Output-Optimal Algorithms for Join-Aggregate Queries

The classic Yannakakis framework proposed in 1981 is still the state-of-the-art approach for tackling acyclic join-aggregate queries defined over commutative semi-rings. It has been shown that the time complexity of the Yannakakis framework is $O(N + \OUT)$ for any free-connex join-aggregate query, where $N$ is the input size of database and $\OUT$ is the output size of the query result. This is already output-optimal. However, only a general upper bound $O(N \cdot \OUT)$ on the time complexity of the Yannakakis framework is known for the remaining class of acyclic but non-free-connex queries. We first show a lower bound $\Omega\left(N \cdot \OUT^{1- \frac{1}{\outw}} + \OUT\right)$ for computing an acyclic join-aggregate query by {\em semi-ring algorithms}, where $\outw$ is identified as the {\em out-width} of the input query, $N$ is the input size of the database, and $\OUT$ is the output size of the query result.
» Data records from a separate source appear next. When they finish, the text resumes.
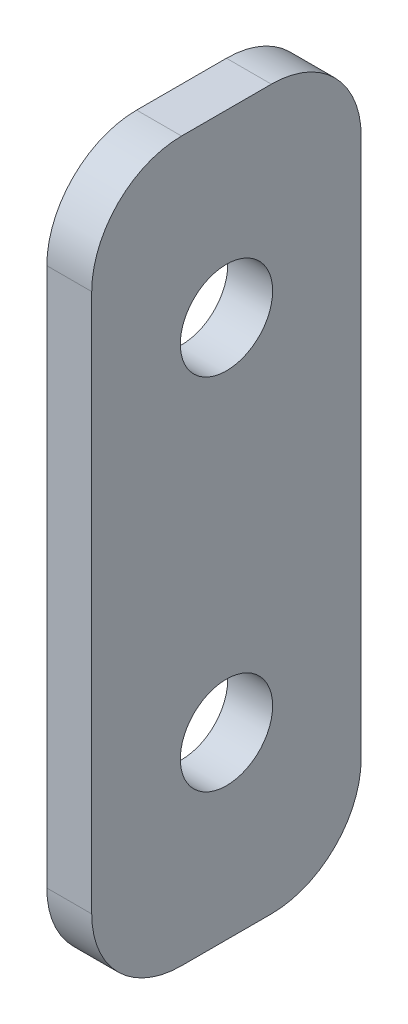
ISO-10303-21;
HEADER;
FILE_DESCRIPTION(('STEP AP214'),'2;1');
FILE_NAME('part.step','',(''),(''),'','','');
FILE_SCHEMA(('AUTOMOTIVE_DESIGN { 1 0 10303 214 1 1 1 1 }'));
ENDSEC;
DATA;
#1=APPLICATION_CONTEXT('core data for automotive mechanical design processes');
#2=APPLICATION_PROTOCOL_DEFINITION('international standard','automotive_design',2000,#1);
#3=PRODUCT_CONTEXT('',#1,'mechanical');
#4=PRODUCT('Part','Part','',(#3));
#5=PRODUCT_RELATED_PRODUCT_CATEGORY('part','',(#4));
#6=PRODUCT_DEFINITION_FORMATION('','',#4);
#7=PRODUCT_DEFINITION_CONTEXT('part definition',#1,'design');
#8=PRODUCT_DEFINITION('design','',#6,#7);
#9=PRODUCT_DEFINITION_SHAPE('','',#8);
#10=(LENGTH_UNIT() NAMED_UNIT(*) SI_UNIT(.MILLI.,.METRE.));
#11=(NAMED_UNIT(*) PLANE_ANGLE_UNIT() SI_UNIT($,.RADIAN.));
#12=(NAMED_UNIT(*) SI_UNIT($,.STERADIAN.) SOLID_ANGLE_UNIT());
#13=UNCERTAINTY_MEASURE_WITH_UNIT(LENGTH_MEASURE(1.E-05),#10,'distance_accuracy_value','');
#14=(GEOMETRIC_REPRESENTATION_CONTEXT(3) GLOBAL_UNCERTAINTY_ASSIGNED_CONTEXT((#13)) GLOBAL_UNIT_ASSIGNED_CONTEXT((#10,
#11,#12)) REPRESENTATION_CONTEXT('',''));
#15=CARTESIAN_POINT('',(0.,0.,0.));
#16=DIRECTION('',(0.,0.,1.));
#17=DIRECTION('',(1.,0.,0.));
#18=AXIS2_PLACEMENT_3D('',#15,#16,#17);
#19=CARTESIAN_POINT('',(1.5875,25.4,-9.525));
#20=DIRECTION('',(0.,0.,1.));
#21=DIRECTION('',(0.,-1.,0.));
#22=AXIS2_PLACEMENT_3D('',#19,#20,#21);
#23=PLANE('',#22);
#24=DIRECTION('',(0.,1.,0.));
#25=VECTOR('',#24,1.);
#26=CARTESIAN_POINT('',(1.5875,25.4,-9.525));
#27=LINE('',#26,#25);
#28=CARTESIAN_POINT('',(1.5875,-19.05,-9.525));
#29=VERTEX_POINT('',#28);
#30=CARTESIAN_POINT('',(1.5875,19.05,-9.525));
#31=VERTEX_POINT('',#30);
#32=EDGE_CURVE('E144',#29,#31,#27,.T.);
#33=ORIENTED_EDGE('',*,*,#32,.F.);
#34=DIRECTION('',(-1.,0.,0.));
#35=VECTOR('',#34,1.);
#36=CARTESIAN_POINT('',(1.5875,-19.05,-9.525));
#37=LINE('',#36,#35);
#38=CARTESIAN_POINT('',(-1.5875,-19.05,-9.525));
#39=VERTEX_POINT('',#38);
#40=EDGE_CURVE('E207',#29,#39,#37,.T.);
#41=ORIENTED_EDGE('',*,*,#40,.T.);
#42=DIRECTION('',(0.,1.,0.));
#43=VECTOR('',#42,1.);
#44=CARTESIAN_POINT('',(-1.5875,25.4,-9.525));
#45=LINE('',#44,#43);
#46=CARTESIAN_POINT('',(-1.5875,19.05,-9.525));
#47=VERTEX_POINT('',#46);
#48=EDGE_CURVE('E221',#39,#47,#45,.T.);
#49=ORIENTED_EDGE('',*,*,#48,.T.);
#50=DIRECTION('',(-1.,0.,0.));
#51=VECTOR('',#50,1.);
#52=CARTESIAN_POINT('',(1.5875,19.05,-9.525));
#53=LINE('',#52,#51);
#54=EDGE_CURVE('E204',#47,#31,#53,.F.);
#55=ORIENTED_EDGE('',*,*,#54,.T.);
#56=EDGE_LOOP('',(#33,#41,#49,#55));
#57=FACE_BOUND('',#56,.T.);
#58=ADVANCED_FACE('F48',(#57),#23,.F.);
#59=CARTESIAN_POINT('',(1.5875,25.4,9.52500000000001));
#60=DIRECTION('',(0.,-1.,0.));
#61=DIRECTION('',(0.,0.,-1.));
#62=AXIS2_PLACEMENT_3D('',#59,#60,#61);
#63=PLANE('',#62);
#64=DIRECTION('',(0.,0.,1.));
#65=VECTOR('',#64,1.);
#66=CARTESIAN_POINT('',(1.5875,25.4,9.52500000000001));
#67=LINE('',#66,#65);
#68=CARTESIAN_POINT('',(1.5875,25.4,-3.17499999999999));
#69=VERTEX_POINT('',#68);
#70=CARTESIAN_POINT('',(1.5875,25.4,3.17500000000001));
#71=VERTEX_POINT('',#70);
#72=EDGE_CURVE('E149',#69,#71,#67,.T.);
#73=ORIENTED_EDGE('',*,*,#72,.F.);
#74=DIRECTION('',(-1.,0.,0.));
#75=VECTOR('',#74,1.);
#76=CARTESIAN_POINT('',(1.5875,25.4,-3.175));
#77=LINE('',#76,#75);
#78=CARTESIAN_POINT('',(-1.5875,25.4,-3.17499999999999));
#79=VERTEX_POINT('',#78);
#80=EDGE_CURVE('E12',#69,#79,#77,.T.);
#81=ORIENTED_EDGE('',*,*,#80,.T.);
#82=DIRECTION('',(0.,0.,1.));
#83=VECTOR('',#82,1.);
#84=CARTESIAN_POINT('',(-1.5875,25.4,9.52500000000001));
#85=LINE('',#84,#83);
#86=CARTESIAN_POINT('',(-1.5875,25.4,3.17500000000001));
#87=VERTEX_POINT('',#86);
#88=EDGE_CURVE('E151',#79,#87,#85,.T.);
#89=ORIENTED_EDGE('',*,*,#88,.T.);
#90=DIRECTION('',(-1.,0.,0.));
#91=VECTOR('',#90,1.);
#92=CARTESIAN_POINT('',(1.5875,25.4,3.175));
#93=LINE('',#92,#91);
#94=EDGE_CURVE('E57',#87,#71,#93,.F.);
#95=ORIENTED_EDGE('',*,*,#94,.T.);
#96=EDGE_LOOP('',(#73,#81,#89,#95));
#97=FACE_BOUND('',#96,.T.);
#98=ADVANCED_FACE('F266',(#97),#63,.F.);
#99=CARTESIAN_POINT('',(1.5875,25.4,9.52500000000001));
#100=DIRECTION('',(0.,0.,-1.));
#101=DIRECTION('',(0.,1.,0.));
#102=AXIS2_PLACEMENT_3D('',#99,#100,#101);
#103=PLANE('',#102);
#104=DIRECTION('',(0.,-1.,0.));
#105=VECTOR('',#104,1.);
#106=CARTESIAN_POINT('',(-1.5875,25.4,9.52500000000001));
#107=LINE('',#106,#105);
#108=CARTESIAN_POINT('',(-1.5875,19.05,9.525));
#109=VERTEX_POINT('',#108);
#110=CARTESIAN_POINT('',(-1.5875,-19.05,9.525));
#111=VERTEX_POINT('',#110);
#112=EDGE_CURVE('E145',#109,#111,#107,.T.);
#113=ORIENTED_EDGE('',*,*,#112,.T.);
#114=DIRECTION('',(-1.,0.,0.));
#115=VECTOR('',#114,1.);
#116=CARTESIAN_POINT('',(1.5875,-19.05,9.525));
#117=LINE('',#116,#115);
#118=CARTESIAN_POINT('',(1.5875,-19.05,9.525));
#119=VERTEX_POINT('',#118);
#120=EDGE_CURVE('E120',#111,#119,#117,.F.);
#121=ORIENTED_EDGE('',*,*,#120,.T.);
#122=DIRECTION('',(0.,-1.,0.));
#123=VECTOR('',#122,1.);
#124=CARTESIAN_POINT('',(1.5875,25.4,9.52500000000001));
#125=LINE('',#124,#123);
#126=CARTESIAN_POINT('',(1.5875,19.05,9.525));
#127=VERTEX_POINT('',#126);
#128=EDGE_CURVE('E185',#127,#119,#125,.T.);
#129=ORIENTED_EDGE('',*,*,#128,.F.);
#130=DIRECTION('',(-1.,0.,0.));
#131=VECTOR('',#130,1.);
#132=CARTESIAN_POINT('',(1.5875,19.05,9.525));
#133=LINE('',#132,#131);
#134=EDGE_CURVE('E126',#127,#109,#133,.T.);
#135=ORIENTED_EDGE('',*,*,#134,.T.);
#136=EDGE_LOOP('',(#113,#121,#129,#135));
#137=FACE_BOUND('',#136,.T.);
#138=ADVANCED_FACE('F271',(#137),#103,.F.);
#139=CARTESIAN_POINT('',(1.5875,-25.4,9.525));
#140=DIRECTION('',(0.,1.,0.));
#141=DIRECTION('',(0.,0.,1.));
#142=AXIS2_PLACEMENT_3D('',#139,#140,#141);
#143=PLANE('',#142);
#144=DIRECTION('',(0.,0.,-1.));
#145=VECTOR('',#144,1.);
#146=CARTESIAN_POINT('',(1.5875,-25.4,9.525));
#147=LINE('',#146,#145);
#148=CARTESIAN_POINT('',(1.5875,-25.4,3.175));
#149=VERTEX_POINT('',#148);
#150=CARTESIAN_POINT('',(1.5875,-25.4,-3.175));
#151=VERTEX_POINT('',#150);
#152=EDGE_CURVE('E136',#149,#151,#147,.T.);
#153=ORIENTED_EDGE('',*,*,#152,.F.);
#154=DIRECTION('',(-1.,0.,0.));
#155=VECTOR('',#154,1.);
#156=CARTESIAN_POINT('',(1.5875,-25.4,3.175));
#157=LINE('',#156,#155);
#158=CARTESIAN_POINT('',(-1.5875,-25.4,3.175));
#159=VERTEX_POINT('',#158);
#160=EDGE_CURVE('E119',#149,#159,#157,.T.);
#161=ORIENTED_EDGE('',*,*,#160,.T.);
#162=DIRECTION('',(0.,0.,-1.));
#163=VECTOR('',#162,1.);
#164=CARTESIAN_POINT('',(-1.5875,-25.4,9.525));
#165=LINE('',#164,#163);
#166=CARTESIAN_POINT('',(-1.5875,-25.4,-3.175));
#167=VERTEX_POINT('',#166);
#168=EDGE_CURVE('E133',#159,#167,#165,.T.);
#169=ORIENTED_EDGE('',*,*,#168,.T.);
#170=DIRECTION('',(-1.,0.,0.));
#171=VECTOR('',#170,1.);
#172=CARTESIAN_POINT('',(1.5875,-25.4,-3.175));
#173=LINE('',#172,#171);
#174=EDGE_CURVE('E139',#167,#151,#173,.F.);
#175=ORIENTED_EDGE('',*,*,#174,.T.);
#176=EDGE_LOOP('',(#153,#161,#169,#175));
#177=FACE_BOUND('',#176,.T.);
#178=ADVANCED_FACE('F132',(#177),#143,.F.);
#179=CARTESIAN_POINT('',(1.5875,0.,0.));
#180=DIRECTION('',(1.,0.,0.));
#181=DIRECTION('',(0.,0.,-1.));
#182=AXIS2_PLACEMENT_3D('',#179,#180,#181);
#183=PLANE('',#182);
#184=CARTESIAN_POINT('',(1.5875,12.7,0.));
#185=DIRECTION('',(1.,0.,0.));
#186=DIRECTION('',(0.,0.,-1.));
#187=AXIS2_PLACEMENT_3D('',#184,#185,#186);
#188=CIRCLE('',#187,3.2639);
#189=CARTESIAN_POINT('',(1.5875,12.7,-3.2639));
#190=VERTEX_POINT('',#189);
#191=EDGE_CURVE('E240',#190,#190,#188,.T.);
#192=ORIENTED_EDGE('',*,*,#191,.F.);
#193=EDGE_LOOP('',(#192));
#194=FACE_BOUND('',#193,.T.);
#195=CARTESIAN_POINT('',(1.5875,-12.7,0.));
#196=DIRECTION('',(1.,0.,0.));
#197=DIRECTION('',(0.,0.,-1.));
#198=AXIS2_PLACEMENT_3D('',#195,#196,#197);
#199=CIRCLE('',#198,3.2639);
#200=CARTESIAN_POINT('',(1.5875,-12.7,-3.2639));
#201=VERTEX_POINT('',#200);
#202=EDGE_CURVE('E229',#201,#201,#199,.T.);
#203=ORIENTED_EDGE('',*,*,#202,.F.);
#204=EDGE_LOOP('',(#203));
#205=FACE_BOUND('',#204,.T.);
#206=ORIENTED_EDGE('',*,*,#128,.T.);
#207=CARTESIAN_POINT('',(1.5875,-19.05,3.175));
#208=DIRECTION('',(1.,0.,0.));
#209=DIRECTION('',(0.,0.,-1.));
#210=AXIS2_PLACEMENT_3D('',#207,#208,#209);
#211=CIRCLE('',#210,6.35);
#212=EDGE_CURVE('E200',#119,#149,#211,.T.);
#213=ORIENTED_EDGE('',*,*,#212,.T.);
#214=ORIENTED_EDGE('',*,*,#152,.T.);
#215=CARTESIAN_POINT('',(1.5875,-19.05,-3.175));
#216=DIRECTION('',(1.,0.,0.));
#217=DIRECTION('',(0.,0.,-1.));
#218=AXIS2_PLACEMENT_3D('',#215,#216,#217);
#219=CIRCLE('',#218,6.35);
#220=EDGE_CURVE('E175',#151,#29,#219,.T.);
#221=ORIENTED_EDGE('',*,*,#220,.T.);
#222=ORIENTED_EDGE('',*,*,#32,.T.);
#223=CARTESIAN_POINT('',(1.5875,19.05,-3.175));
#224=DIRECTION('',(1.,0.,0.));
#225=DIRECTION('',(0.,0.,-1.));
#226=AXIS2_PLACEMENT_3D('',#223,#224,#225);
#227=CIRCLE('',#226,6.35);
#228=EDGE_CURVE('E70',#31,#69,#227,.T.);
#229=ORIENTED_EDGE('',*,*,#228,.T.);
#230=ORIENTED_EDGE('',*,*,#72,.T.);
#231=CARTESIAN_POINT('',(1.5875,19.05,3.175));
#232=DIRECTION('',(1.,0.,0.));
#233=DIRECTION('',(0.,0.,-1.));
#234=AXIS2_PLACEMENT_3D('',#231,#232,#233);
#235=CIRCLE('',#234,6.35);
#236=EDGE_CURVE('E168',#71,#127,#235,.T.);
#237=ORIENTED_EDGE('',*,*,#236,.T.);
#238=EDGE_LOOP('',(#206,#213,#214,#221,#222,#229,#230,#237));
#239=FACE_BOUND('',#238,.T.);
#240=ADVANCED_FACE('F214',(#194,#205,#239),#183,.T.);
#241=CARTESIAN_POINT('',(-1.5875,0.,0.));
#242=DIRECTION('',(1.,0.,0.));
#243=DIRECTION('',(0.,0.,-1.));
#244=AXIS2_PLACEMENT_3D('',#241,#242,#243);
#245=PLANE('',#244);
#246=CARTESIAN_POINT('',(-1.5875,12.7,0.));
#247=DIRECTION('',(1.,0.,0.));
#248=DIRECTION('',(0.,0.,-1.));
#249=AXIS2_PLACEMENT_3D('',#246,#247,#248);
#250=CIRCLE('',#249,3.2639);
#251=CARTESIAN_POINT('',(-1.5875,12.7,-3.2639));
#252=VERTEX_POINT('',#251);
#253=EDGE_CURVE('E234',#252,#252,#250,.T.);
#254=ORIENTED_EDGE('',*,*,#253,.T.);
#255=EDGE_LOOP('',(#254));
#256=FACE_BOUND('',#255,.T.);
#257=CARTESIAN_POINT('',(-1.5875,-12.7,0.));
#258=DIRECTION('',(1.,0.,0.));
#259=DIRECTION('',(0.,0.,-1.));
#260=AXIS2_PLACEMENT_3D('',#257,#258,#259);
#261=CIRCLE('',#260,3.2639);
#262=CARTESIAN_POINT('',(-1.5875,-12.7,-3.2639));
#263=VERTEX_POINT('',#262);
#264=EDGE_CURVE('E225',#263,#263,#261,.T.);
#265=ORIENTED_EDGE('',*,*,#264,.T.);
#266=EDGE_LOOP('',(#265));
#267=FACE_BOUND('',#266,.T.);
#268=ORIENTED_EDGE('',*,*,#168,.F.);
#269=CARTESIAN_POINT('',(-1.5875,-19.05,3.175));
#270=DIRECTION('',(1.,0.,0.));
#271=DIRECTION('',(0.,0.,-1.));
#272=AXIS2_PLACEMENT_3D('',#269,#270,#271);
#273=CIRCLE('',#272,6.35);
#274=EDGE_CURVE('E115',#159,#111,#273,.F.);
#275=ORIENTED_EDGE('',*,*,#274,.T.);
#276=ORIENTED_EDGE('',*,*,#112,.F.);
#277=CARTESIAN_POINT('',(-1.5875,19.05,3.175));
#278=DIRECTION('',(1.,0.,0.));
#279=DIRECTION('',(0.,0.,-1.));
#280=AXIS2_PLACEMENT_3D('',#277,#278,#279);
#281=CIRCLE('',#280,6.35);
#282=EDGE_CURVE('E138',#109,#87,#281,.F.);
#283=ORIENTED_EDGE('',*,*,#282,.T.);
#284=ORIENTED_EDGE('',*,*,#88,.F.);
#285=CARTESIAN_POINT('',(-1.5875,19.05,-3.175));
#286=DIRECTION('',(1.,0.,0.));
#287=DIRECTION('',(0.,0.,-1.));
#288=AXIS2_PLACEMENT_3D('',#285,#286,#287);
#289=CIRCLE('',#288,6.35);
#290=EDGE_CURVE('E159',#79,#47,#289,.F.);
#291=ORIENTED_EDGE('',*,*,#290,.T.);
#292=ORIENTED_EDGE('',*,*,#48,.F.);
#293=CARTESIAN_POINT('',(-1.5875,-19.05,-3.175));
#294=DIRECTION('',(1.,0.,0.));
#295=DIRECTION('',(0.,0.,-1.));
#296=AXIS2_PLACEMENT_3D('',#293,#294,#295);
#297=CIRCLE('',#296,6.35);
#298=EDGE_CURVE('E127',#39,#167,#297,.F.);
#299=ORIENTED_EDGE('',*,*,#298,.T.);
#300=EDGE_LOOP('',(#268,#275,#276,#283,#284,#291,#292,#299));
#301=FACE_BOUND('',#300,.T.);
#302=ADVANCED_FACE('F141',(#256,#267,#301),#245,.F.);
#303=CARTESIAN_POINT('',(1.5875,-12.7,0.));
#304=DIRECTION('',(1.,0.,0.));
#305=DIRECTION('',(0.,0.,-1.));
#306=AXIS2_PLACEMENT_3D('',#303,#304,#305);
#307=CYLINDRICAL_SURFACE('',#306,3.2639);
#308=ORIENTED_EDGE('',*,*,#264,.F.);
#309=EDGE_LOOP('',(#308));
#310=FACE_BOUND('',#309,.T.);
#311=ORIENTED_EDGE('',*,*,#202,.T.);
#312=EDGE_LOOP('',(#311));
#313=FACE_BOUND('',#312,.T.);
#314=ADVANCED_FACE('F253',(#310,#313),#307,.F.);
#315=CARTESIAN_POINT('',(1.5875,12.7,0.));
#316=DIRECTION('',(1.,0.,0.));
#317=DIRECTION('',(0.,0.,-1.));
#318=AXIS2_PLACEMENT_3D('',#315,#316,#317);
#319=CYLINDRICAL_SURFACE('',#318,3.2639);
#320=ORIENTED_EDGE('',*,*,#253,.F.);
#321=EDGE_LOOP('',(#320));
#322=FACE_BOUND('',#321,.T.);
#323=ORIENTED_EDGE('',*,*,#191,.T.);
#324=EDGE_LOOP('',(#323));
#325=FACE_BOUND('',#324,.T.);
#326=ADVANCED_FACE('F246',(#322,#325),#319,.F.);
#327=CARTESIAN_POINT('',(1.5875,-19.05,3.175));
#328=DIRECTION('',(-1.,0.,0.));
#329=DIRECTION('',(0.,0.,1.));
#330=AXIS2_PLACEMENT_3D('',#327,#328,#329);
#331=CYLINDRICAL_SURFACE('',#330,6.35);
#332=ORIENTED_EDGE('',*,*,#212,.F.);
#333=ORIENTED_EDGE('',*,*,#120,.F.);
#334=ORIENTED_EDGE('',*,*,#274,.F.);
#335=ORIENTED_EDGE('',*,*,#160,.F.);
#336=EDGE_LOOP('',(#332,#333,#334,#335));
#337=FACE_BOUND('',#336,.T.);
#338=ADVANCED_FACE('F118',(#337),#331,.T.);
#339=CARTESIAN_POINT('',(1.5875,-19.05,-3.175));
#340=DIRECTION('',(-1.,0.,0.));
#341=DIRECTION('',(0.,0.,1.));
#342=AXIS2_PLACEMENT_3D('',#339,#340,#341);
#343=CYLINDRICAL_SURFACE('',#342,6.35);
#344=ORIENTED_EDGE('',*,*,#220,.F.);
#345=ORIENTED_EDGE('',*,*,#174,.F.);
#346=ORIENTED_EDGE('',*,*,#298,.F.);
#347=ORIENTED_EDGE('',*,*,#40,.F.);
#348=EDGE_LOOP('',(#344,#345,#346,#347));
#349=FACE_BOUND('',#348,.T.);
#350=ADVANCED_FACE('F218',(#349),#343,.T.);
#351=CARTESIAN_POINT('',(1.5875,19.05,-3.175));
#352=DIRECTION('',(-1.,0.,0.));
#353=DIRECTION('',(0.,0.,1.));
#354=AXIS2_PLACEMENT_3D('',#351,#352,#353);
#355=CYLINDRICAL_SURFACE('',#354,6.35);
#356=ORIENTED_EDGE('',*,*,#228,.F.);
#357=ORIENTED_EDGE('',*,*,#54,.F.);
#358=ORIENTED_EDGE('',*,*,#290,.F.);
#359=ORIENTED_EDGE('',*,*,#80,.F.);
#360=EDGE_LOOP('',(#356,#357,#358,#359));
#361=FACE_BOUND('',#360,.T.);
#362=ADVANCED_FACE('F278',(#361),#355,.T.);
#363=CARTESIAN_POINT('',(1.5875,19.05,3.175));
#364=DIRECTION('',(-1.,0.,0.));
#365=DIRECTION('',(0.,0.,1.));
#366=AXIS2_PLACEMENT_3D('',#363,#364,#365);
#367=CYLINDRICAL_SURFACE('',#366,6.35);
#368=ORIENTED_EDGE('',*,*,#236,.F.);
#369=ORIENTED_EDGE('',*,*,#94,.F.);
#370=ORIENTED_EDGE('',*,*,#282,.F.);
#371=ORIENTED_EDGE('',*,*,#134,.F.);
#372=EDGE_LOOP('',(#368,#369,#370,#371));
#373=FACE_BOUND('',#372,.T.);
#374=ADVANCED_FACE('F50',(#373),#367,.T.);
#375=CLOSED_SHELL('',(#58,#98,#138,#178,#240,#302,#314,#326,#338,#350,#362,#374));
#376=MANIFOLD_SOLID_BREP('B2',#375);
#377=ADVANCED_BREP_SHAPE_REPRESENTATION('',(#18,#376),#14);
#378=SHAPE_DEFINITION_REPRESENTATION(#9,#377);
ENDSEC;
END-ISO-10303-21;

For example, $\outw =2$ for the chain matrix multiplication query, and $\outw=k$ for the star matrix multiplication query with $k$ relations. We give a tighter analysis of the Yannakakis framework and show that Yannakakis framework is already output-optimal on the class of {\em aggregate-hierarchical} queries. However, for the large remaining class of non-aggregate-hierarchical queries, such as chain matrix multiplication query, Yannakakis framework indeed requires $\Theta(N \cdot \OUT)$ time. We next explore a hybrid version of the Yannakakis framework and present an output-optimal algorithm for computing any general acyclic join-aggregate query within $\O\left(N\cdot \OUT^{1-\frac{1}{\outw}} + \OUT\right)$ time, matching the out-width-dependent lower bound up to a poly-logarithmic factor. To the best of our knowledge, this is the first polynomial improvement for computing acyclic join-aggregate queries since 1981.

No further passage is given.